Material for this task ▸
^^^^^^^^

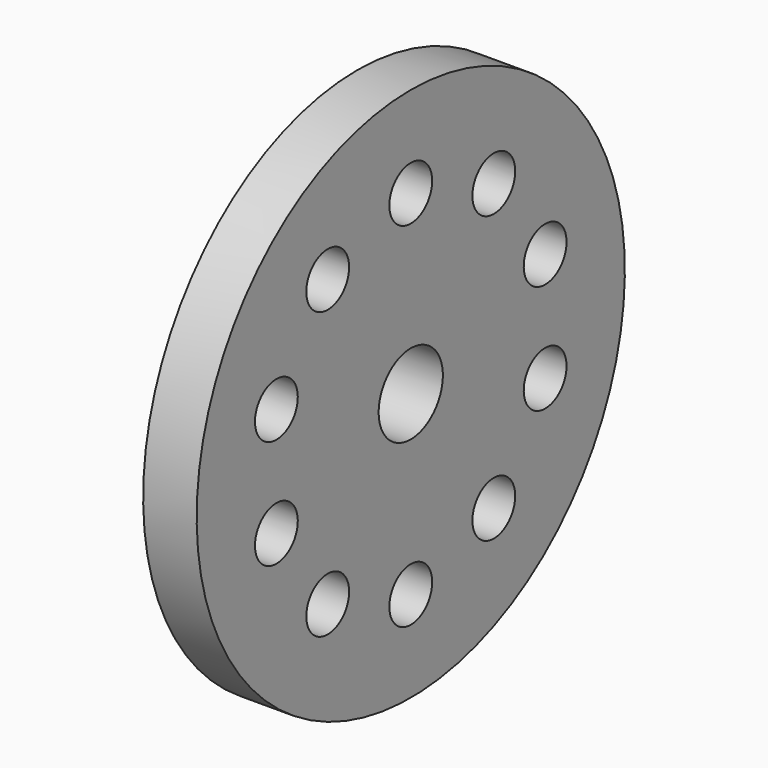
from build123d import *

# Parameters (mm, degrees)
F3_D            = 12.7
F3_COPIES_COUNT = 10


# Not quite as in the source:
# - a pattern or mirror of a feature is missing from the dataset's text; its kind, count and spacing are read off the source's solid


with BuildPart() as f1:
    # F0 (on Front) → F1 (revolve)
    with BuildSketch(Plane.XZ):
        Polygon((12.7, 0), (0, 0), (0, -38.1), (-12.7, -38.1), (-12.7, -53.975), (12.7, -53.975), align=None)
    revolve(axis=Axis((40.5070465058, 0, -63.5), (1, 0, 0)))

    # F3 (through all)
    with Locations(Plane(origin=(0, 0, 0), x_dir=(0, -1, 0), z_dir=(-1, 0, 0))):
        with Locations((0, -21.59)):
            f3 = Hole(F3_D / 2)

    # F3_copies: F3 ×10 about axis
    f3_copies_axis = Axis((0, 0, -63.5), (1, 0, 0))
    for i in range(1, F3_COPIES_COUNT):
        add(f3.rotate(f3_copies_axis, i * 360 / F3_COPIES_COUNT), mode=Mode.SUBTRACT)


solid = f1.part
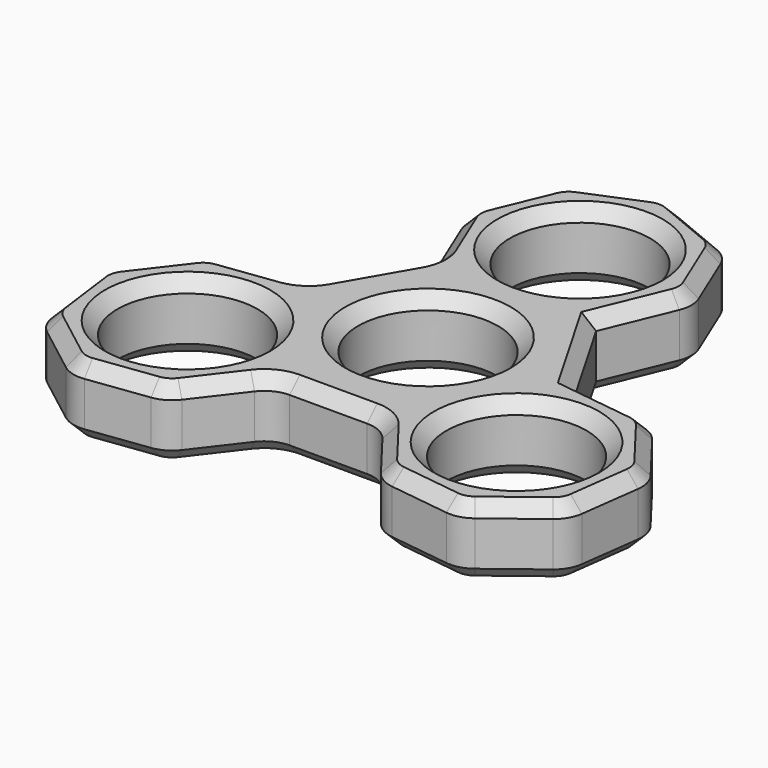
from build123d import *

# Parameters (mm, degrees)
F0_R     = 11.0625
F1_DEPTH = 11
F2_R     = 5
F3_SIZE  = 2
F4_SIZE  = 2


# Not quite as in the source:
# - a feature names something its author has since deleted; it is built from what else it names


with BuildPart() as f1:
    # F0 (on Top) → F1 (new body)
    with BuildSketch(Plane.XY):
        Polygon((12.7279220614, 42.7279220614), (0, 48), (-12.7279220614, 42.7279220614), (-18, 30), (-12.7279220614, 17.2720779386), (-21.3220193017, 2.3866648732), (-34.9807621135, 0.5884572681), (-43.3674269867, -10.3412571882), (-41.5692193817, -24), (-30.6395049254, -32.3866648732), (-16.9807621135, -30.5884572681), (-8.5940972403, -19.6587428118), (8.5940972403, -19.6587428118), (16.9807621135, -30.5884572681), (30.6395049254, -32.3866648732), (41.5692193817, -24), (43.3674269867, -10.3412571882), (34.9807621135, 0.5884572681), (21.3220193017, 2.3866648732), (12.7279220614, 17.2720779386), (18, 30), align=None)
        with Locations((-25.9807621135, -15)):
            Circle(F0_R, mode=Mode.SUBTRACT)
        Circle(F0_R, mode=Mode.SUBTRACT)
        with Locations((25.9807621135, -15)):
            Circle(F0_R, mode=Mode.SUBTRACT)
        with Locations((0, 30)):
            Circle(F0_R, mode=Mode.SUBTRACT)
    extrude(amount=F1_DEPTH)

    # F2
    f2_edges = [f1.edges().sort_by_distance(p)[0] for p in [
        (-16.980762, -30.588457, 5.5),
        (-30.639505, -32.386665, 5.5),
        (-41.569219, -24, 5.5),
        (-43.367427, -10.341257, 5.5),
        (-34.980762, 0.588457, 5.5),
        (-18, 30, 5.5),
        (-12.727922, 42.727922, 5.5),
        (0, 48, 5.5),
        (12.727922, 42.727922, 5.5),
        (34.980762, 0.588457, 5.5),
        (43.367427, -10.341257, 5.5),
        (41.569219, -24, 5.5),
        (30.639505, -32.386665, 5.5),
        (16.980762, -30.588457, 5.5),
        (8.594097, -19.658743, 5.5),
        (-8.594097, -19.658743, 5.5),
        (18, 30, 5.5),
        (-12.727922, 17.272078, 5.5),
        (-21.322019, 2.386665, 5.5),
    ]]
    fillet(f2_edges, radius=F2_R)

    # F3
    f3_edges = [f1.edges().sort_by_distance(p)[0] for p in [
        (27.124716, 1.622725, 11),
        (34.774782, 0.231689, 11),
        (17.024971, 9.829371, 11),
        (39.174095, -4.8764, 11),
        (14.967679, 22.67933, 11),
        (42.969503, -10.447881, 11),
        (17.588039, 30, 11),
        (42.468323, -17.170629, 11),
        (15.363961, 36.363961, 11),
        (41.212451, -23.794019, 11),
        (12.436622, 42.436622, 11),
        (36.104362, -28.193332, 11),
        (6.363961, 45.363961, 11),
        (30.532882, -31.988741, 11),
        (0, 47.588039, 11),
        (23.810134, -31.487561, 11),
        (-6.363961, 45.363961, 11),
        (17.186743, -30.231689, 11),
        (-12.436622, 42.436622, 11),
        (12.907556, -25.280152, 11),
        (-15.363961, 36.363961, 11),
        (8.339814, -20.174379, 11),
        (-17.588039, 30, 11),
        (0, -19.658743, 11),
        (-15.439476, 23.818348, 11),
        (-8.339814, -20.174379, 11),
        (-13.301618, 17.30968, 11),
        (-12.907556, -25.280152, 11),
        (-17.024971, 9.829371, 11),
        (-17.186743, -30.231689, 11),
        (-21.641432, 2.864699, 11),
        (-23.810134, -31.487561, 11),
        (-28.347032, 1.461804, 11),
        (-30.532882, -31.988741, 11),
        (-34.774782, 0.231689, 11),
        (-36.104362, -28.193332, 11),
        (-39.174095, -4.8764, 11),
        (-41.212451, -23.794019, 11),
        (-42.969503, -10.447881, 11),
        (-42.468323, -17.170629, 11),
        (-37.043262, -15, 11),
        (-11.0625, 0, 11),
        (14.918262, -15, 11),
        (-11.0625, 30, 11),
    ]]
    chamfer(f3_edges, length=F3_SIZE)

    # F4
    f4_edges = [f1.edges().sort_by_distance(p)[0] for p in [
        (27.124716, 1.622725, 0),
        (34.774782, 0.231689, 0),
        (17.024971, 9.829371, 0),
        (39.174095, -4.8764, 0),
        (14.967679, 22.67933, 0),
        (42.969503, -10.447881, 0),
        (17.588039, 30, 0),
        (42.468323, -17.170629, 0),
        (15.363961, 36.363961, 0),
        (41.212451, -23.794019, 0),
        (12.436622, 42.436622, 0),
        (36.104362, -28.193332, 0),
        (6.363961, 45.363961, 0),
        (30.532882, -31.988741, 0),
        (0, 47.588039, 0),
        (23.810134, -31.487561, 0),
        (-6.363961, 45.363961, 0),
        (17.186743, -30.231689, 0),
        (-12.436622, 42.436622, 0),
        (12.907556, -25.280152, 0),
        (-15.363961, 36.363961, 0),
        (8.339814, -20.174379, 0),
        (-17.588039, 30, 0),
        (0, -19.658743, 0),
        (-15.439476, 23.818348, 0),
        (-8.339814, -20.174379, 0),
        (-13.301618, 17.30968, 0),
        (-12.907556, -25.280152, 0),
        (-17.024971, 9.829371, 0),
        (-17.186743, -30.231689, 0),
        (-21.641432, 2.864699, 0),
        (-23.810134, -31.487561, 0),
        (-28.347032, 1.461804, 0),
        (-30.532882, -31.988741, 0),
        (-34.774782, 0.231689, 0),
        (-36.104362, -28.193332, 0),
        (-39.174095, -4.8764, 0),
        (-41.212451, -23.794019, 0),
        (-42.969503, -10.447881, 0),
        (-42.468323, -17.170629, 0),
        (-37.043262, -15, 0),
        (-11.0625, 0, 0),
        (14.918262, -15, 0),
        (-11.0625, 30, 0),
    ]]
    chamfer(f4_edges, length=F4_SIZE)


solid = f1.part
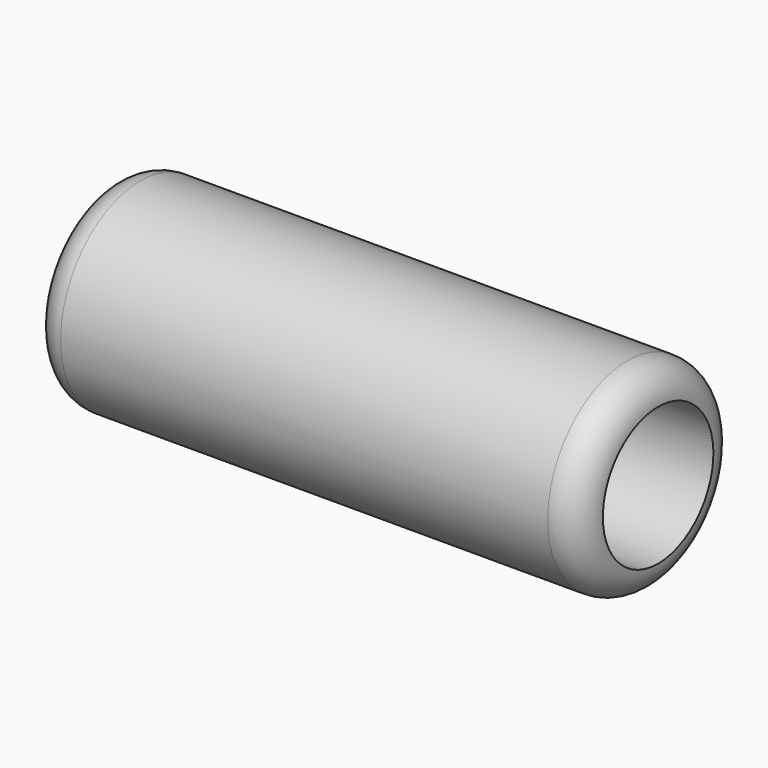
from build123d import *

# Parameters (mm, degrees)
F3_R = 6.35


# Not quite as in the source:
# - a fillet or chamfer that OpenCascade refuses, or shapes differently, is made with other operations: its cross-section is extruded or revolved along the edge and cut away or added


with BuildPart() as f1:
    # F0 (on Front) → F1 (revolve)
    with BuildSketch(Plane.XZ):
        Polygon((-75.2320736647, 15.875), (-75.2320736647, 0), (38.2805263353, 0), (38.2805263353, 6.35), (-71.0156736647, 6.35), (-71.2696736647, 6.35), (-71.2696736647, 15.875), align=None)
    revolve(axis=Axis((-17.1681363136, 0, 20.6502), (1, 0, 0)))

    # F2: fillet of radius 6.35 on 2 edges, made by hand

    # F2_s1 → F2_t2 (revolve, cut)
    with BuildSketch(Plane.XZ):
        with BuildLine():
            ThreePointArc((31.9305263353, 0), (36.4206543959, 1.8598719395), (38.2805263353, 6.35))
            Line((38.2805263353, 6.35), (38.2805263353, 0))
            Line((38.2805263353, 0), (31.9305263353, 0))
        make_face()
    revolve(axis=Axis((38.2805263353, 0, 20.6502), (1, 0, 0)), mode=Mode.SUBTRACT)

    # F2_s3 → F2_t4 (revolve, cut)
    with BuildSketch(Plane.XZ):
        with BuildLine():
            ThreePointArc((-71.2696736647, 9.9909651395), (-72.3526175609, 13.5378821106), (-75.2320736647, 15.875))
            Line((-75.2320736647, 15.875), (-71.2696736647, 15.875))
            Line((-71.2696736647, 15.875), (-71.2696736647, 9.9909651395))
        make_face()
    revolve(axis=Axis((-71.2696736647, 0, 20.6502), (1, 0, 0)), mode=Mode.SUBTRACT)

    # F3
    f3_edges = [f1.edges().sort_by_distance(p)[0] for p in [
        (-75.232074, 0, 41.3004),
    ]]
    fillet(f3_edges, radius=F3_R)


solid = f1.part

^^^^^^^^

Your objective ▸ From the line containing "revolve(axis=Axis((-17.1681363136, 0, 20.6502), (1, 0, 0)))" to the final line of the entries, print every line exactly and nothing else.

Finished exercise ▸
    revolve(axis=Axis((-17.1681363136, 0, 20.6502), (1, 0, 0)))

    # F2: fillet of radius 6.35 on 2 edges, made by hand

    # F2_s1 → F2_t2 (revolve, cut)
    with BuildSketch(Plane.XZ):
        with BuildLine():
            ThreePointArc((31.9305263353, 0), (36.4206543959, 1.8598719395), (38.2805263353, 6.35))
            Line((38.2805263353, 6.35), (38.2805263353, 0))
            Line((38.2805263353, 0), (31.9305263353, 0))
        make_face()
    revolve(axis=Axis((38.2805263353, 0, 20.6502), (1, 0, 0)), mode=Mode.SUBTRACT)

    # F2_s3 → F2_t4 (revolve, cut)
    with BuildSketch(Plane.XZ):
        with BuildLine():
            ThreePointArc((-71.2696736647, 9.9909651395), (-72.3526175609, 13.5378821106), (-75.2320736647, 15.875))
            Line((-75.2320736647, 15.875), (-71.2696736647, 15.875))
            Line((-71.2696736647, 15.875), (-71.2696736647, 9.9909651395))
        make_face()
    revolve(axis=Axis((-71.2696736647, 0, 20.6502), (1, 0, 0)), mode=Mode.SUBTRACT)

    # F3
    f3_edges = [f1.edges().sort_by_distance(p)[0] for p in [
        (-75.232074, 0, 41.3004),
    ]]
    fillet(f3_edges, radius=F3_R)


solid = f1.part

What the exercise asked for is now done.